A collection of functions for the psychological analysis of corpora using LIWC-style dictionaries. The psyLex program and associated functions are designed to be used with larger datasets in a wide variety of environments, for which the original LIWC software may be unsuitable. psyLex can esaily be implemented as part of a shell script, using batch jobs, in an interactive form (e.g., in an app), or as part of a larger Python program.
Two primary functions are provided:
- readDict(): reads in a LIWC-style dictionary file and returns (1) a dictionary of linguistic categories (e.g., positive emotion, anger, etc.) and (2) a multidimensional list of words and the categories to which they belong.
- wordCount(): analyzes a given string using the word list returned by readDict() and returns raw word counts or percentages for each category supplied by readDict().
These functions can be implemented in any existing Python program. Additionally, a main script - psyLex.py - can be run as a standalone program using any Python interpreter.
For those familiar with the LIWC program, there are a number of notable differences. As such, results obtained from psyLex may differ from those obtained with LIWC. However, such differences should be quite small, and of little statistical/practical significance (particularly when used with extremely large datasets).

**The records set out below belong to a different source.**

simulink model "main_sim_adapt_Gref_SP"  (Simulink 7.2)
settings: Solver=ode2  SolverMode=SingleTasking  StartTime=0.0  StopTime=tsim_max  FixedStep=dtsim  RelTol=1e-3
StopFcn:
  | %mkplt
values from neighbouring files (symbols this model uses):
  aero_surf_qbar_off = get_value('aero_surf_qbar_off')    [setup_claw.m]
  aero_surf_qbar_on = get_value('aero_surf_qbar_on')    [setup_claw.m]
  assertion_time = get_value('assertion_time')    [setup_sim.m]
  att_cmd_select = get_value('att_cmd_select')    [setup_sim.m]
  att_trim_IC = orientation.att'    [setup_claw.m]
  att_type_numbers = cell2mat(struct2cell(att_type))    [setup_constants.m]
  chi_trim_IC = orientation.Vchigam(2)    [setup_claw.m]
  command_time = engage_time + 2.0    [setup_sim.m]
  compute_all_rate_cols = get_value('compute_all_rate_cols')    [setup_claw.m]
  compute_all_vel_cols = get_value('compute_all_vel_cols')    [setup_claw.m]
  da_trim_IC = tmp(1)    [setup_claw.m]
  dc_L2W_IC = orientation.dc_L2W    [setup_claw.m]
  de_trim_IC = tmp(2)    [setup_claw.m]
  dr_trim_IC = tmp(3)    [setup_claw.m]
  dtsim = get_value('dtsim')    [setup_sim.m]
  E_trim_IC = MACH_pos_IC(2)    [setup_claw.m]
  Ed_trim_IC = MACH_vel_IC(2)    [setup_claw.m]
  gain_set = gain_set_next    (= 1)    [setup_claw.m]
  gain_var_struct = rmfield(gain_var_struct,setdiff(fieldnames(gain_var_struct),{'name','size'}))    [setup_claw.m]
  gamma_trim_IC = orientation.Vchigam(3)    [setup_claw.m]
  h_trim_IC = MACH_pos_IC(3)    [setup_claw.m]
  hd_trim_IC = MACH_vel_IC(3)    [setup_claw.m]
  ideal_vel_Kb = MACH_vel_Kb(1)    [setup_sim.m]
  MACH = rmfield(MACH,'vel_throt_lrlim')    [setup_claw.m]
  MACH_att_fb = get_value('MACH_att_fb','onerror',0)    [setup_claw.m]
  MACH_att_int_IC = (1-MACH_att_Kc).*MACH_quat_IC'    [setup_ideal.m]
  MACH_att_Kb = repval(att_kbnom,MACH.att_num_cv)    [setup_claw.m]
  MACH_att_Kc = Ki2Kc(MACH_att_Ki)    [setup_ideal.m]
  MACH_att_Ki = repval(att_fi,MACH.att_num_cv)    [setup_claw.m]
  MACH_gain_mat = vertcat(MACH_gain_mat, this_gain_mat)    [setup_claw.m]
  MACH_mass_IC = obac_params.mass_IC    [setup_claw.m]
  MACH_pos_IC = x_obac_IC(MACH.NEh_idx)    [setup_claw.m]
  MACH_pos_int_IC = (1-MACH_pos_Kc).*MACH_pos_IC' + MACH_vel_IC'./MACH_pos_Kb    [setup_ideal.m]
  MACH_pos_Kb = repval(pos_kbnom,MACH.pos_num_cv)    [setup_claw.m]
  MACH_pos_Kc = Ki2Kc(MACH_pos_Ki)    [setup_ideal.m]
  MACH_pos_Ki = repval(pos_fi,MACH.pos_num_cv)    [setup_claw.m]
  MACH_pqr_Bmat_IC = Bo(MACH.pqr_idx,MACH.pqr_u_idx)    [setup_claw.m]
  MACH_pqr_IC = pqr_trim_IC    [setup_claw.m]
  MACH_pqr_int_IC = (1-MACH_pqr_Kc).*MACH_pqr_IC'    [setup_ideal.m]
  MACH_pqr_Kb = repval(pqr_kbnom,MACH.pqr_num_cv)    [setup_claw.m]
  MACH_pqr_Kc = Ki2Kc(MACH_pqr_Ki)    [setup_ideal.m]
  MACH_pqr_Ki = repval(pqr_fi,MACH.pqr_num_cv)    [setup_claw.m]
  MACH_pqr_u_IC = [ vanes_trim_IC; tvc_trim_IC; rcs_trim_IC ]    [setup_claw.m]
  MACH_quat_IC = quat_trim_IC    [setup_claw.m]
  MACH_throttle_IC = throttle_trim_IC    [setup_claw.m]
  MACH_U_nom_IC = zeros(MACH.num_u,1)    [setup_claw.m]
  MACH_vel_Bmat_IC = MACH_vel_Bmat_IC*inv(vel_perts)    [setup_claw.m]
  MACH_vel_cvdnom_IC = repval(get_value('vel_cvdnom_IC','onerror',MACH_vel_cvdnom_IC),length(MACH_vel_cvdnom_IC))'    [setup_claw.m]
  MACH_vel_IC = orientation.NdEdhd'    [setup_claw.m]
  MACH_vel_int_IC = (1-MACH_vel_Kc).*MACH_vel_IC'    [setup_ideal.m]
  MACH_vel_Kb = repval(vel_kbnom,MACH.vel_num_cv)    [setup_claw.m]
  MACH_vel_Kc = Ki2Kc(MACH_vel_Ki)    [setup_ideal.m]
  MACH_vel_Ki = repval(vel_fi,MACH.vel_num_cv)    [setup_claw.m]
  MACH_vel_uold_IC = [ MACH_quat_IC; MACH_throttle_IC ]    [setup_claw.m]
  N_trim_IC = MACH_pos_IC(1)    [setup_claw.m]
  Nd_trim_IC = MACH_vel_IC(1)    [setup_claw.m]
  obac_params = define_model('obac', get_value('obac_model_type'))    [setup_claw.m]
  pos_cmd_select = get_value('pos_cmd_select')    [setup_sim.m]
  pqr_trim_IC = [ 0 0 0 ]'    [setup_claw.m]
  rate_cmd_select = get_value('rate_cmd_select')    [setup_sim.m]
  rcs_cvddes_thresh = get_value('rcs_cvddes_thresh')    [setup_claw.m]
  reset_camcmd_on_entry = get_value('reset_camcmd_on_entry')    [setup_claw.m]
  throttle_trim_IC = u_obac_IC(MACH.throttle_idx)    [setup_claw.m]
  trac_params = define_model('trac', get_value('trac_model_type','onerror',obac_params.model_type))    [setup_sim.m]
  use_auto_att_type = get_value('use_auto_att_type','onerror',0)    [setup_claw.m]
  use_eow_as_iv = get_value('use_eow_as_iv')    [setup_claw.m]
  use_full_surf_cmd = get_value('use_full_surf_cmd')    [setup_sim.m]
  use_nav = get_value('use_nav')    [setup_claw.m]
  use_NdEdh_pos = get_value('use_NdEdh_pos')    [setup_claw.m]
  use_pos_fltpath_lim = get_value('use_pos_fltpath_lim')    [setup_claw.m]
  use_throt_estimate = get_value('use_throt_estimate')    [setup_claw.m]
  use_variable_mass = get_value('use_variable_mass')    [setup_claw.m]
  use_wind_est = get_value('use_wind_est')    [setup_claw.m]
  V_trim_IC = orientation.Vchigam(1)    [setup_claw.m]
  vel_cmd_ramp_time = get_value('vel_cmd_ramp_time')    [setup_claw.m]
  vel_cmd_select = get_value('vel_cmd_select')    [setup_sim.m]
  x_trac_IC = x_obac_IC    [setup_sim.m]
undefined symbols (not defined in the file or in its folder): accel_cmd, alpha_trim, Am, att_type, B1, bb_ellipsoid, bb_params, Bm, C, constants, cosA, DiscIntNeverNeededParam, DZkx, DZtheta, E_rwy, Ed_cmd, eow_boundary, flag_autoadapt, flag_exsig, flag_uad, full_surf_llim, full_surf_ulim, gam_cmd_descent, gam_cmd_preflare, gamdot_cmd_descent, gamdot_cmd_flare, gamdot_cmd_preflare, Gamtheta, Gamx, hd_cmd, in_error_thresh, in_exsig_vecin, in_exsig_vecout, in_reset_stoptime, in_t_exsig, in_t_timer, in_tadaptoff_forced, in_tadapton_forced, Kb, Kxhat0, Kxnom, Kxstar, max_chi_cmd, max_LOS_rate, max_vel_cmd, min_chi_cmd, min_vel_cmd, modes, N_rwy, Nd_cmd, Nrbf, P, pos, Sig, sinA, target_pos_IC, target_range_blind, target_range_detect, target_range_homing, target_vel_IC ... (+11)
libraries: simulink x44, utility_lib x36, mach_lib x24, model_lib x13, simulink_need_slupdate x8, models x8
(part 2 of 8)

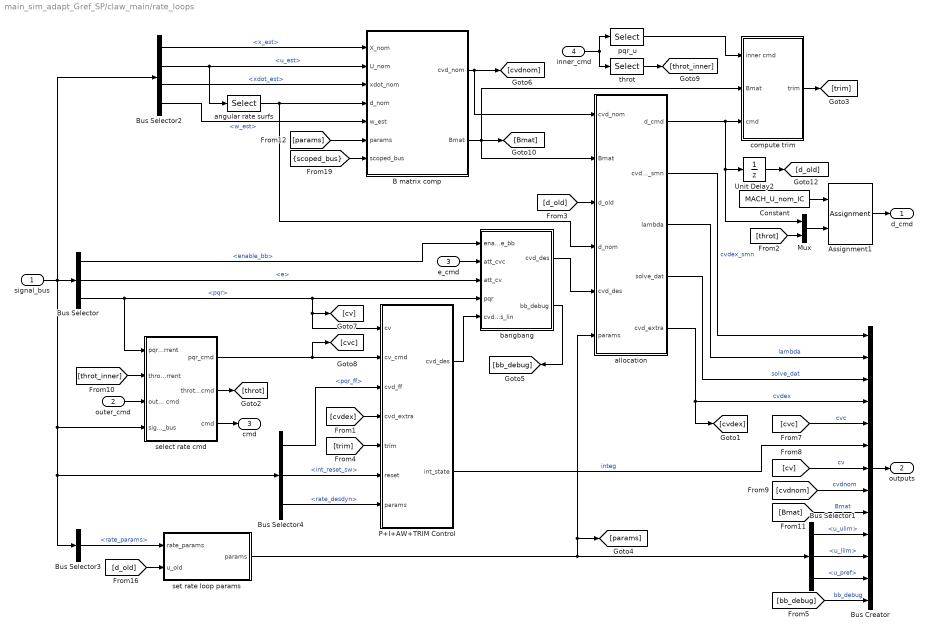
== system main_sim_adapt_Gref_SP/claw_main/rate_loops ==
  signal_bus : Inport  OutDataType=sfix(16)  OutScaling=2^0
  outer_cmd : Inport  Port=2  OutDataType=sfix(16)  OutScaling=2^0
  e_cmd : Inport  Port=3  OutDataType=sfix(16)  OutScaling=2^0
  inner_cmd : Inport  Port=4  OutDataType=sfix(16)  OutScaling=2^0
  Assignment1 : Assignment  IndexOptions=Index vector (dialog)  Indices=[MACH.pqr_u_idx MACH.throttle_idx]  OutputSizes=[1 1]
  B matrix comp : Subsystem  TreatAsAtomicUnit=on
  Bus Creator : BusCreator  Inputs=13
  Bus Selector : BusSelector  OutputSignals=control_params.enable_bb,x_est.e,x_est.pqr
  Bus Selector1 : BusSelector  OutputSignals=u_ulim,u_llim,u_pref
  Bus Selector2 : BusSelector  OutputSignals=x_est,u_est,xdot_est,y_meas.w_est
  Bus Selector3 : BusSelector  OutputSignals=control_params.rate_params
  Bus Selector4 : BusSelector  OutputSignals=feed_forward.pqr_ff,mode_sw.int_reset_sw,control_params.rate_desdyn
  Constant : Constant  Value=MACH_U_nom_IC  OutDataType=sfix(16)  OutScaling=2^0
  Mux : Mux  Inputs=2
  P+I+AW+TRIM Control : Subsystem  AncestorBlock=mach_lib/P+I+AW+TRIM Control
  Unit Delay2 : UnitDelay  X0=MACH_pqr_u_IC  SampleTime=-1
  allocation : Subsystem
  angular rate surfs : Selector  InputPortWidth=MACH.num_u  IndexOptions=Index vector (dialog)  Indices=MACH.pqr_u_idx  OutputSizes=1
  bangbang : Subsystem
  compute trim : Subsystem
  pqr_u : Selector  InputPortWidth=MACH.num_u  IndexOptions=Index vector (dialog)  Indices=MACH.pqr_u_idx  OutputSizes=1
  select rate cmd : Subsystem
  set rate loop params : Subsystem
  throt : Selector  InputPortWidth=MACH.num_u  IndexOptions=Index vector (dialog)  Indices=MACH.throttle_idx  OutputSizes=1
  d_cmd : Outport  OutDataType=sfix(16)  OutScaling=2^0
  outputs : Outport  Port=2  OutDataType=sfix(16)  OutScaling=2^0
  cmd : Outport  Port=3  OutDataType=sfix(16)  OutScaling=2^0
  wires:
  angular rate surfs/1 -> B matrix comp/4(d_nom), allocation/4(d_nom)
  outer_cmd/1 -> select rate cmd/3(outer cmd)
  B matrix comp/1(cvd_nom) -> [cvdnom], allocation/1(cvd_nom)
  P+I+AW+TRIM Control/2(int_state) -> Bus Creator/6  "integ"
  signal_bus/1 -> Bus Selector2/1, Bus Selector/1, Bus Selector3/1, Bus Selector4/1, select rate cmd/4(signal_bus)
  compute trim/1(trim) -> [trim]
  inner_cmd/1 -> pqr_u/1, throt/1
  select rate cmd/2(throt_cmd) -> [throt]
  select rate cmd/1(pqr_cmd) -> [cvc], P+I+AW+TRIM Control/2(cv_cmd)
  [throt_inner] -> select rate cmd/2(throt_current)
  [cvc] -> Bus Creator/5  "cvc"
  [cv] -> Bus Creator/7  "cv"
  [cvdnom] -> Bus Creator/8  "cvdnom"
  set rate loop params/1(params) -> Bus Selector1/1, allocation/6(params), [params]
  Assignment1/1 -> d_cmd/1
  throt/1 -> [throt_inner]
  [trim] -> P+I+AW+TRIM Control/5(trim)
  [cvdex] -> P+I+AW+TRIM Control/4(cvd_extra)
  Bus Selector/3 -> select rate cmd/1(pqr_current), bangbang/4(pqr), P+I+AW+TRIM Control/1(cv), [cv]  "<pqr>"
  Bus Selector4/1 -> P+I+AW+TRIM Control/3(cvd_ff)  "<pqr_ff>"
  Bus Selector4/2 -> P+I+AW+TRIM Control/6(reset)  "<int_reset_sw>"
  [Bmat] -> Bus Creator/9  "Bmat"
  Bus Selector1/1 -> Bus Creator/10  "<u_ulim>"
  Bus Selector1/2 -> Bus Creator/11  "<u_llim>"
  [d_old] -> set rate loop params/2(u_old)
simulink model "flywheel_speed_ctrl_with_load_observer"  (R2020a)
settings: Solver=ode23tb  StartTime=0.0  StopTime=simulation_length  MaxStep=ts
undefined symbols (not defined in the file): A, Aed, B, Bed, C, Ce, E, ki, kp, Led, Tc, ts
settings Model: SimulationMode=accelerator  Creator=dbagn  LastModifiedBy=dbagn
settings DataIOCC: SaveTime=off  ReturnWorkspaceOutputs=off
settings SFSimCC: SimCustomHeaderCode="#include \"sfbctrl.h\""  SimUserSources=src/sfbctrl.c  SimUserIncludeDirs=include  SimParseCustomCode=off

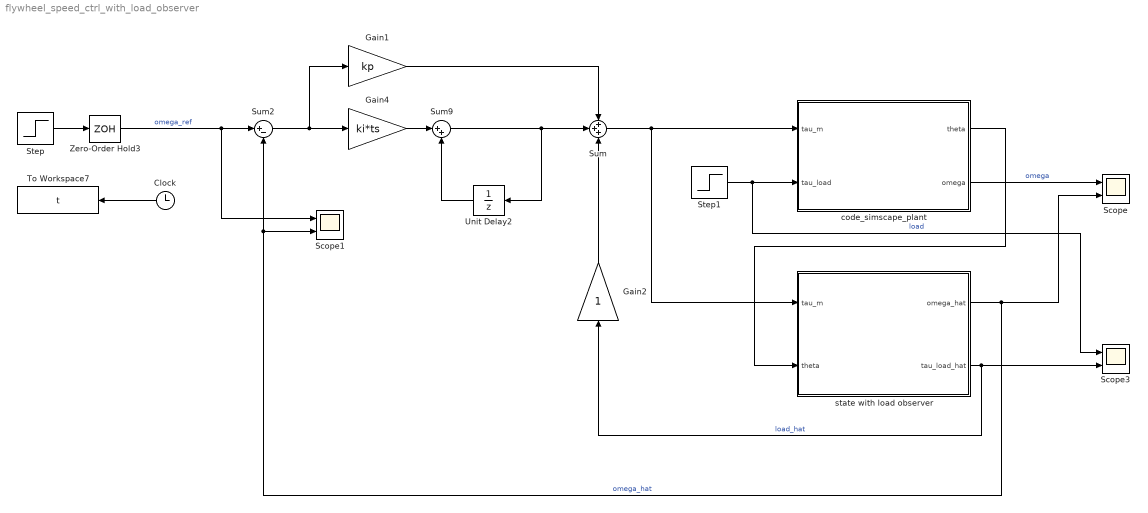
== system flywheel_speed_ctrl_with_load_observer ==
  Clock : Clock
  Gain1 : Gain  Gain=kp
  Gain2 : Gain
  Gain4 : Gain  Gain=ki*ts
  Scope : Scope  NumInputPorts=2
  Scope1 : Scope  NumInputPorts=2
  Scope3 : Scope  NumInputPorts=2
  Step : Step  Time=0.2  SampleTime=0
  Step1 : Step  After=25  SampleTime=0
  Sum : Sum  Inputs=+++
  Sum2 : Sum  Inputs=|+-
  Sum9 : Sum  Inputs=|++
  To Workspace7 : ToWorkspace  VariableName=t  SampleTime=Tc
      settings: MaxDataPoints=Nc
  Unit Delay2 : UnitDelay  SampleTime=ts  HasFrameUpgradeWarning=on
  Zero-Order Hold3 : ZeroOrderHold  SampleTime=ts
  "code_simscape_plant " : Subsystem
  state with load observer : Subsystem
  wires:
  Clock/1 -> To Workspace7/1
  Zero-Order Hold3/1 -> Scope1/1, Sum2/1  "omega_ref"
  Unit Delay2/1 -> Sum9/2
  Step/1 -> Zero-Order Hold3/1
  Gain4/1 -> Sum9/1
  Sum9/1 -> Unit Delay2/1, Sum/2
  Sum2/1 -> Gain1/1, Gain4/1
  Gain1/1 -> Sum/1
  Sum/1 -> state with load observer/1(tau_m), "code_simscape_plant "/1(tau_m)
  Step1/1 -> "code_simscape_plant "/2(tau_load), Scope3/1  "load"
  "code_simscape_plant "/1(theta) -> state with load observer/2(theta)
  "code_simscape_plant "/2(omega) -> Scope/1  "omega"
  state with load observer/1(omega_hat) -> Scope/2, Scope1/2, Sum2/2  "omega_hat"
  state with load observer/2(tau_load_hat) -> Gain2/1, Scope3/2  "load_hat"
  Gain2/1 -> Sum/3

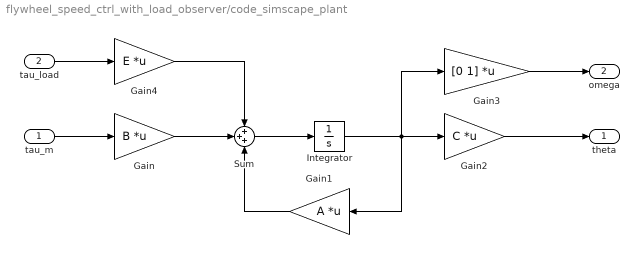
== system flywheel_speed_ctrl_with_load_observer/code_simscape_plant  ==
  tau_m : Inport
  tau_load : Inport  Port=2
  Gain : Gain  Gain=B  Multiplication=Matrix(K*u)
  Gain1 : Gain  Gain=A  Multiplication=Matrix(K*u)
  Gain2 : Gain  Gain=C  Multiplication=Matrix(K*u)
  Gain3 : Gain  Gain=[0 1]  Multiplication=Matrix(K*u)
  Gain4 : Gain  Gain=E  Multiplication=Matrix(K*u)
  Integrator : Integrator
  Sum : Sum  Inputs=+++
  theta : Outport
  omega : Outport  Port=2
  wires:
  Sum/1 -> Integrator/1
  Integrator/1 -> Gain3/1, Gain2/1, Gain1/1
  Gain2/1 -> theta/1
  tau_m/1 -> Gain/1
  Gain3/1 -> omega/1
  tau_load/1 -> Gain4/1
  Gain/1 -> Sum/2
  Gain1/1 -> Sum/3
  Gain4/1 -> Sum/1

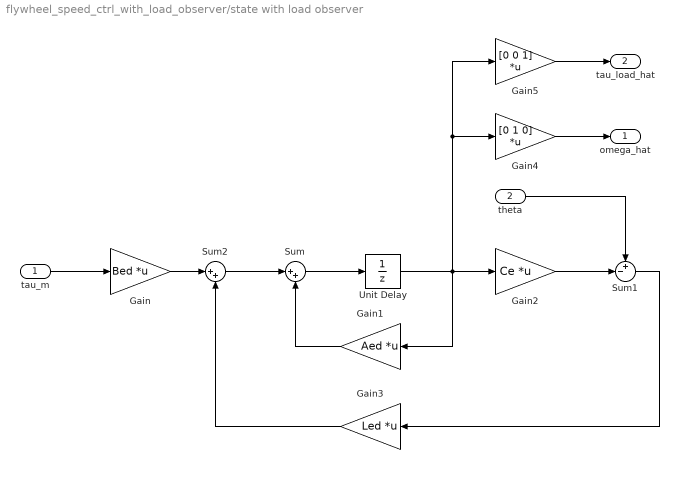
== system flywheel_speed_ctrl_with_load_observer/state with load observer ==
  tau_m : Inport
  theta : Inport  Port=2
  Gain : Gain  Gain=Bed  Multiplication=Matrix(K*u)
  Gain1 : Gain  Gain=Aed  Multiplication=Matrix(K*u)
  Gain2 : Gain  Gain=Ce  Multiplication=Matrix(K*u)
  Gain3 : Gain  Gain=Led  Multiplication=Matrix(K*u)
  Gain4 : Gain  Gain=[0 1 0]  Multiplication=Matrix(K*u)
  Gain5 : Gain  Gain=[0 0 1]  Multiplication=Matrix(K*u)
  Sum : Sum  Inputs=|++
  Sum1 : Sum  Inputs=+-|
  Sum2 : Sum  Inputs=|++
  Unit Delay : UnitDelay  SampleTime=ts  HasFrameUpgradeWarning=on
  omega_hat : Outport
  tau_load_hat : Outport  Port=2
  wires:
  Sum/1 -> Unit Delay/1
  tau_m/1 -> Gain/1
  Gain1/1 -> Sum/2
  Gain2/1 -> Sum1/2
  theta/1 -> Sum1/1
  Gain/1 -> Sum2/1
  Sum2/1 -> Sum/1
  Sum1/1 -> Gain3/1
  Gain3/1 -> Sum2/2
  Unit Delay/1 -> Gain5/1, Gain4/1, Gain2/1, Gain1/1
  Gain4/1 -> omega_hat/1
  Gain5/1 -> tau_load_hat/1

- The original LIWC program used a wildcard-style method ("*") of specifying word stems in the dictionary. In order to enhance forward-compatibility and flexibility, psyLex identifies dictionary words with wildcards and uses a stemmer (the Porter Stemming Algorithm by default) to match dictionary stems with words in the analyzed text.
- At present, only English is supported (non-utf8 characters are filtered out). This is mostly because I'm an arrogant American and haven't bothered to learn any other languages. If anyone wants to help with this, let me know...
Basic linguistic functions (tokenization, stemming, etc.) are performed via. the Python Natural Language Toolkit - available from nltk.org.